WordSmith Tools Manual

Stop Lists ()

Stop lists are lists of words which you don't want to include in analysis. For example you might want to make a word list or analyse key words excluding common function words like the, of, was, is, it.

Prepare and load up your stop list first, then make your word lists using it. (To use a list to remove items from an existing word list, see the Match list function.)

To use stop lists, you first prepare a file, using Notepad or any plain text word processor, which specifies all the words you wish to ignore. Separate each word using commas, or else place each one on a new line. You can use capital letters or lower-case as you prefer. You can use a semi-colon for comment lines. There is no limit to the number of words. Stop lists do not use wildcards (match-lists may).

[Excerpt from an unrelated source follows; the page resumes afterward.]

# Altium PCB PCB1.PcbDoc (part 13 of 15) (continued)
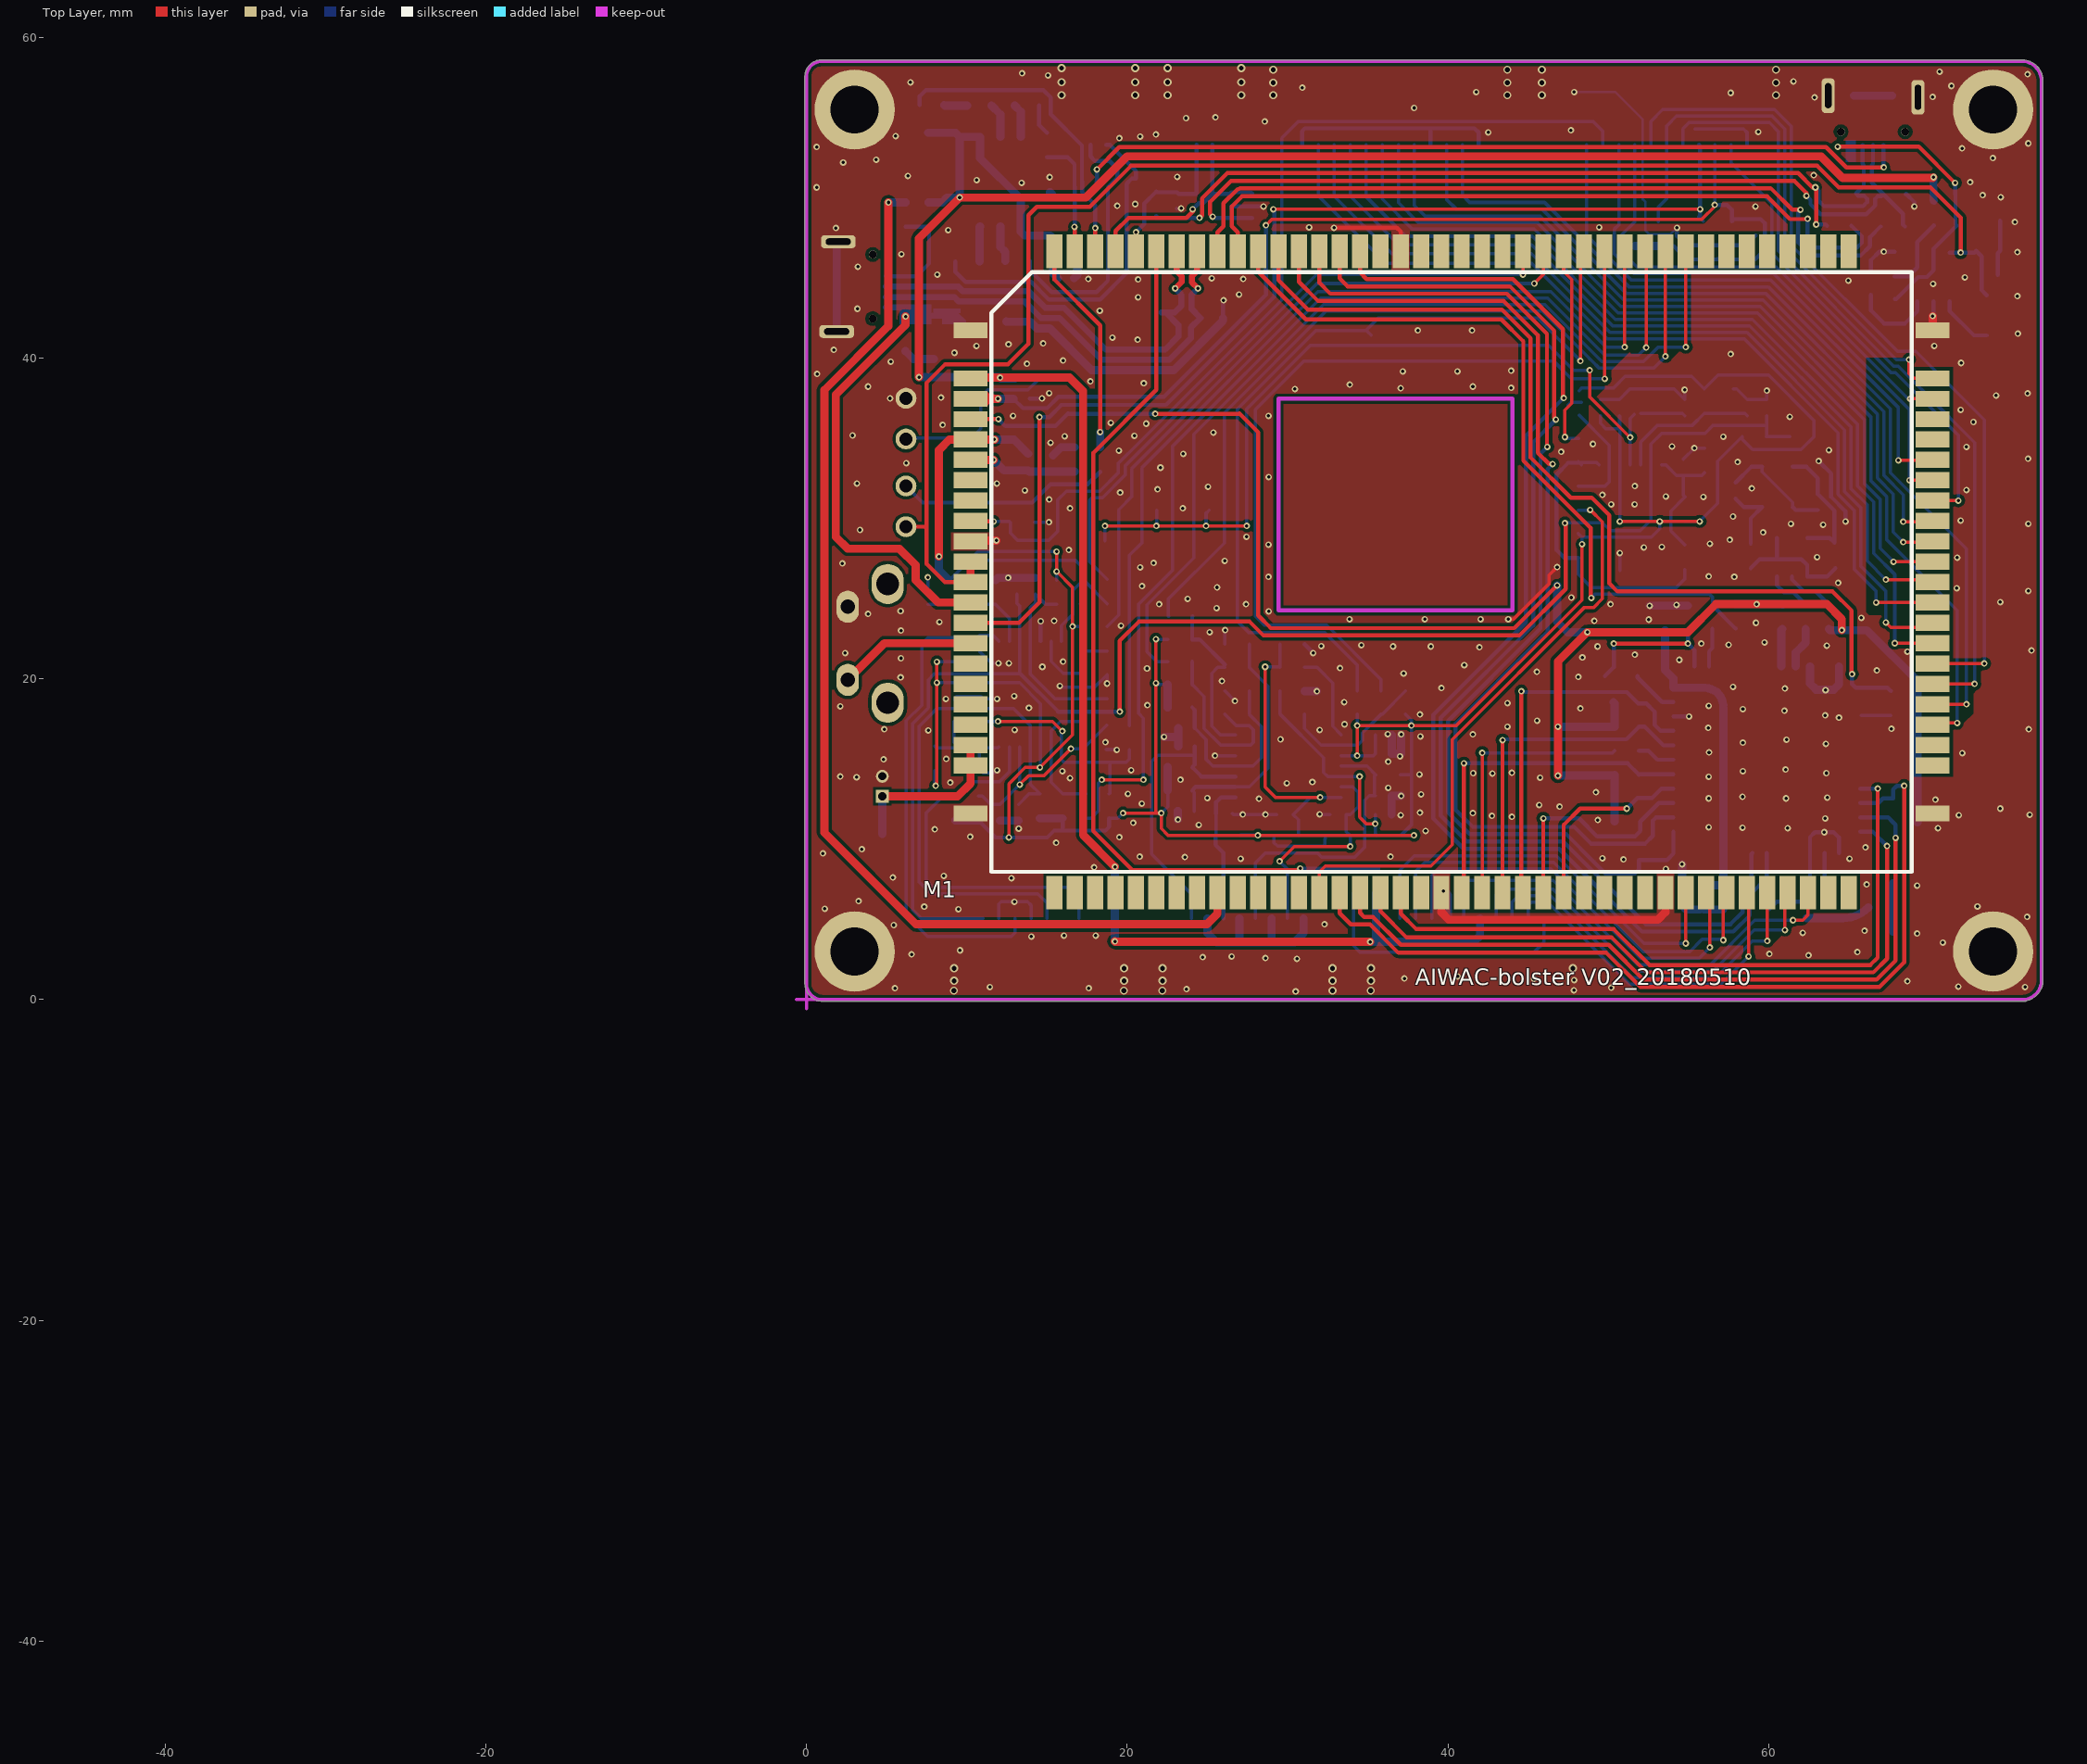
[diagram p0: Top Layer view]
## Free pads (board coordinates) (continued)
1(-45.226,-44.018) 1(-45.226,-44.018) 1(-45.224,-44.014) 1(-45.224,-44.014) 1(-45.224,-44.014) 1(-45.224,-44.012) 1(-45.224,-44.012) 1(-45.224,-44.012) 1(-45.224,-44.012) 1(-45.224,-44.012) 1(-45.224,-44.012) 1(-45.224,-44.005) 1(-45.224,-44.005) 1(-45.224,-44.005) 1(-45.224,-44.005) 1(-45.224,-44.005) 1(-45.224,-44.005) 1(-45.223,-43.975) 1(-45.223,-43.975) 1(-45.223,-43.975) 1(-45.223,-43.975) 1(-45.223,-43.975) 1(-45.223,-43.975) 1(-45.223,-43.974) 1(-45.223,-43.974) 1(-45.223,-43.974) 1(-45.223,-43.975) 1(-45.223,-43.975) 1(-45.223,-43.975)
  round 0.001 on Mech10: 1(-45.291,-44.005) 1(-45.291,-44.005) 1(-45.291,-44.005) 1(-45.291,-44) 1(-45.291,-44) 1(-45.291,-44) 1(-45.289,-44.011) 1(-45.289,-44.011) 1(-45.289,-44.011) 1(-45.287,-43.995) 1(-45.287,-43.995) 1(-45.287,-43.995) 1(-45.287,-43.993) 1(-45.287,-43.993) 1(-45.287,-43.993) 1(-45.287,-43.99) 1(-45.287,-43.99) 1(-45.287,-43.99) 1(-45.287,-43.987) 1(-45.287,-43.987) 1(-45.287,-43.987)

There is a file called stop_wl.stp (in your \wsmith7 folder) which you could use as a basis and save under a new name. You'll also find basic_English_stoplist.stp there, based on top frequency items in the BNC. Or just make your own in Notepad and save it with .stp as the file-extension. If that is difficult, rename the .txt as .stp.

Example

; My stop list for test purposes.

THE,THIS,IS

WILL

<VVN>SEEN

You may put angle-brackets in a stop list. So <VVN>SEEN (that is seen as a past participle) will remove any cases of precisely that sequence if it is in your texts. It will only stop seen if marked with <VVN> in the corpus.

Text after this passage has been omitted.